### TASK TO CARRY OUT
Only lines containing the string "Leap" belong in the answer; copy all of them from the entries.

### DATA EXTRACTS

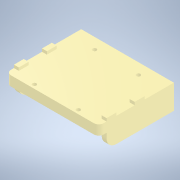
# Autodesk Inventor part: Attaching Point
Saved by Autodesk Inventor 2022 (Build 260153000, 153)
## iProperties
Created: 2021-06-18
Part Number: Attaching Point
Material: Nylon 6/6
Document SubType Name: Modeling
Designer: benka
Density: 1.13 g/cm^3
Appearance: Nylon 6
Author: benka
Autodesk Inventor part; units mm, degrees
ref_plane "YZ Plane" through (0, 0, 0) normal (1, 0, 0) x (0, 1, 0)
ref_plane "XZ Plane" through (0, 0, 0) normal (0, 1, 0) x (-1, 0, 0)
ref_plane "XY Plane" through (0, 0, 0) normal (0, 0, 1) x (1, 0, 0)
sketch "Sketch1" plane through (0, 0, 0) normal (0, 0, 1) x (1, 0, 0)
  line L0 (42.5, -5) -> (47.4999, -5)
  line L1 (42.5, -10) -> (-42.5, -10)
  line L2 (42.5, -10) -> (42.5, -5)
  line L3 (-42.5, -10) -> (-42.5, -4.9999)
  line L4 (-42.5, -4.9999) -> (-47.5001, -5)
  line L5 (-42.5001, 10) -> (-22.5001, 10)
  line L6 (-42.5001, 10) -> (-42.5001, 5)
  line L7 (42.4999, 10) -> (42.4999, 5)
  line L8 (-42.5001, 5) -> (-47.5001, 5)
  line L9 (42.4999, 5) -> (47.4999, 5)
  line L10 (22.4999, 10) -> (42.4999, 10)
  line L11 (-22.5001, 5) -> (-22.5001, 10)
  line L12 (-22.5001, 5) -> (22.4999, 5)
  line L13 (22.4999, 5) -> (22.4999, 10)
  circle A0 centre (30, 0) radius 2
  circle A1 centre (-30, 0) radius 2
  line L14 (-47.5001, -5) -> (-47.5001, 5)
  line L15 (47.4999, 5) -> (47.4999, -5)
  point P0 (0, 0)
  point P1 (-34.7671, -4.6223)
  dimension "d0" = 4
  dimension "d12" = 30
  dimension "d13" = 4
  dimension "d14" = 30
  dimension "d15" = 20
  dimension "d16" = 20
  dimension "d17" = 42.5
  dimension "d18" = 42.5
  dimension "d21" = 45
  dimension "d32" = 5
  dimension "d33" = 5
  constraints: 32 end point, 4 vertical, 2 centre point, 1 coincident, 2 other
  measures "d0" diameter of A0
  measures "d12" distance of A0.centre point (0, 0)
  measures "d13" diameter of A1
  measures "d14" distance of A1.centre point (0, 0)
  measures "d15" distance between parallel lines of L11 L6
  measures "d16" distance between parallel lines of L7 L13
  measures "d17" distance from line of L3 point (0, 0)
  measures "d18" distance from line of L2 point (0, 0)
  measures "d21" distance between parallel lines of L13 L11
  measures "d32" distance of L6.end L8.end
  measures "d33" distance of L7.end L9.end
extrude "Leap AP" add sketch "Sketch1" along normal blind 5
sketch "Sketch2" plane through (-22.5001, 5, 0) normal (0, 1, 0) x (1, 0, 0)
  line L0 (-25, -56) -> (-20, -56)
  line L1 (70, -56) -> (65, -56)
  line L2 (-20, -56) -> (-20, -69)
  line L3 (-20, -69) -> (-25, -69)
  line L4 (-25, -69) -> (-25, -72)
  line L5 (65, -56) -> (65, -69)
  line L6 (65, -69) -> (70, -69)
  line L7 (70, -69) -> (70, -72)
  line L8 (65, -77) -> (-20, -77)
  line L9 (0, -5) -> (0, 0)
  arc A0 (-25, -72) -> (-20, -77) centre (-20, -72) ccw
  arc A1 (65, -77) -> (70, -72) centre (65, -72) ccw
  line L10 (0, -5) -> (-25, -5)
  line L11 (45, 0) -> (0, 0) projected
  line L12 (45, 0) -> (45, -5)
  circle A2 centre (0, -73) radius 2
  circle A3 centre (45, -73) radius 2
  line L13 (-25, -56) -> (-25, -5)
  line L14 (70, -56) -> (70, -5)
  circle A4 centre (0, -11.3502) radius 2
  circle A5 centre (45, -11.3502) radius 2
  line L15 (45, -5) -> (70, -5)
  point P0 (-25, -77)
  point P1 (70, -77)
  point P2 (69.9999, -5)
  point P3 (11.4357, -9.3722)
  dimension "d52" = 13
  dimension "d54" = 8
  dimension "d55" = 5
  dimension "d56" = 5
  dimension "d74" = 4
  dimension "d75" = 4
  dimension "d76" = 4
  dimension "d77" = 4
  dimension "d78" = 25
  dimension "d79" = 25
  dimension "d83" = 51
  dimension "d84" = 4
  dimension "d85" = 4
  constraints: 30 end point, 6 centre point, 5 collinear, 5 perpendicular, 5 point on line, 4 point on circle, 4 tangent, 1 horizontal, 1 parallel, 1 other
  measures "d52" distance of L0.end L2.end
  measures "d54" distance of L3.end point (-25, -77)
  measures "d55" radius of A0
  measures "d56" radius of A1
  measures "d74" diameter of A2
  measures "d75" diameter of A3
  measures "d76" distance from line of A2.centre L8
  measures "d77" distance from line of L8 A3.centre
  measures "d78" distance from line of L4 A2.centre
  measures "d79" distance from line of L7 A3.centre
  measures "d83" distance of L0.start L10.end
  measures "d84" diameter of A4
  measures "d85" diameter of A5
extrude "Leap Base" add sketch "Sketch2" along normal blind 5
sketch "Sketch3" plane through (-42.5001, 5, 0) normal (-1, 0, 0) x (0, 0, 1)
  line L0 (0, -9.9999) -> (5, -9.9999) projected
  line L1 (0, -9.9999) -> (0, -15) projected
  line L2 (0, -15) -> (5, -15) projected
  line L3 (0, 0) -> (5, 0) projected
  line L4 (5, -9.9999) -> (5, 0)
  line L5 (5, -15) -> (59, -15)
  line L6 (0, 0) -> (0, 5) projected
  line L7 (69, 5) -> (69, 13)
  line L8 (69, 5) -> (69, -5)
  arc A0 (59, -15) -> (69, -5) centre (59, -5) ccw
  line L9 (69, 13) -> (58.8965, 13)
  line L10 (58.8965, 13) -> (58.8965, 5)
  line L11 (40.1783, 5) -> (40.1783, 13)
  line L12 (40.1783, 13) -> (30.0747, 13)
  line L13 (30.0747, 13) -> (30.0747, 5)
  line L14 (0, 5) -> (30.0747, 5)
  line L15 (40.1783, 5) -> (58.8965, 5)
  point P0 (69, -15)
  point P1 (8.1162, -2.0146)
  dimension "d72" = 10
  dimension "d86" = 8
  constraints: 22 end point, 4 perpendicular, 3 horizontal, 3 vertical, 2 collinear, 2 point on circle, 2 point on line, 2 tangent, 1 centre point, 1 other
  measures "d72" radius of A0
  measures "d86" distance of L7.start L7.end
extrude "2x Leap Side" add sketch "Sketch3" along normal blind 5
sketch "Sketch4" plane through (42.4999, 5, 0) normal (1, 0, 0) x (0, 0, -1)
  line L0 (0, 5) -> (0, -15) projected
  line L1 (0, -15) -> (-59, -15) projected
  arc A0 (-69, -5) -> (-59, -15) centre (-59, -5) ccw projected
  line L2 (-69, -5) -> (-69, 0) projected
  line L3 (-69, 0) -> (-72, 0) projected
  line L4 (-72, 0) -> (-72, 5) projected
  line L5 (-69, 5) -> (-72, 5) projected
  line L6 (-69, 5) -> (-69, 13) projected
  line L7 (-69, 13) -> (-58.8965, 13) projected
  line L8 (-58.8965, 13) -> (-58.8965, 5) projected
  line L9 (-30.0747, 5) -> (0, 5) projected
  line L10 (-40.1783, 5) -> (-58.8965, 5) projected
  line L11 (-40.1783, 5) -> (-40.1783, 13) projected
  line L12 (-40.1783, 13) -> (-30.0747, 13) projected
  line L13 (-30.0747, 13) -> (-30.0747, 5) projected
extrude "Extrusion4" add sketch "Sketch4" along normal blind 5
sketch "Sketch5" plane through (-47.5001, 10, 0) normal (0, 1, 0) x (1, 0, 0)
  line L0 (5, -58.8965) -> (0, -58.8965) projected
  line L1 (5, -69) -> (5, -58.8965) projected
  line L2 (5, -69) -> (0, -69) projected
  line L3 (0, -69) -> (0, -72) projected
  arc A0 (0, -72) -> (5, -77) centre (5, -72) ccw projected
  line L4 (5, -77) -> (90, -77) projected
  arc A1 (90, -77) -> (95, -72) centre (90, -72) ccw projected
  circle A2 centre (25, -73) radius 2 projected
  circle A3 centre (70, -73) radius 2 projected
  line L5 (0, 0) -> (95, 0) projected
  line L6 (0, -30.0747) -> (0, 0) projected
  line L7 (95, -40.1783) -> (95, -58.8965) projected
  line L8 (95, -30.0747) -> (95, 0) projected
  line L9 (0, -40.1783) -> (0, -58.8965) projected
  line L10 (90, -58.8965) -> (90, -69) projected
  line L11 (90, -58.8965) -> (95, -58.8965) projected
  line L12 (5, -30.0747) -> (0, -30.0747) projected
  line L13 (5, -40.1783) -> (5, -30.0747) projected
  line L14 (5, -40.1783) -> (0, -40.1783) projected
  line L15 (90, -40.1783) -> (95, -40.1783) projected
  line L16 (90, -30.0747) -> (90, -40.1783) projected
  line L17 (90, -30.0747) -> (95, -30.0747) projected
  line L18 (90, -69) -> (95, -69) projected
  line L19 (95, -72) -> (95, -69) projected
  circle A4 centre (25, -11.3502) radius 2 projected
  circle A5 centre (70, -11.3502) radius 2 projected
  point P0 (31.9525, -5.2817)
  constraints: 1 other
extrude "Leap Top Base" add sketch "Sketch5" along normal blind 5
body "Solid1"

### WRITTEN ANSWER
extrude "Leap AP" add sketch "Sketch1" along normal blind 5
extrude "Leap Base" add sketch "Sketch2" along normal blind 5
extrude "2x Leap Side" add sketch "Sketch3" along normal blind 5
extrude "Leap Top Base" add sketch "Sketch5" along normal blind 5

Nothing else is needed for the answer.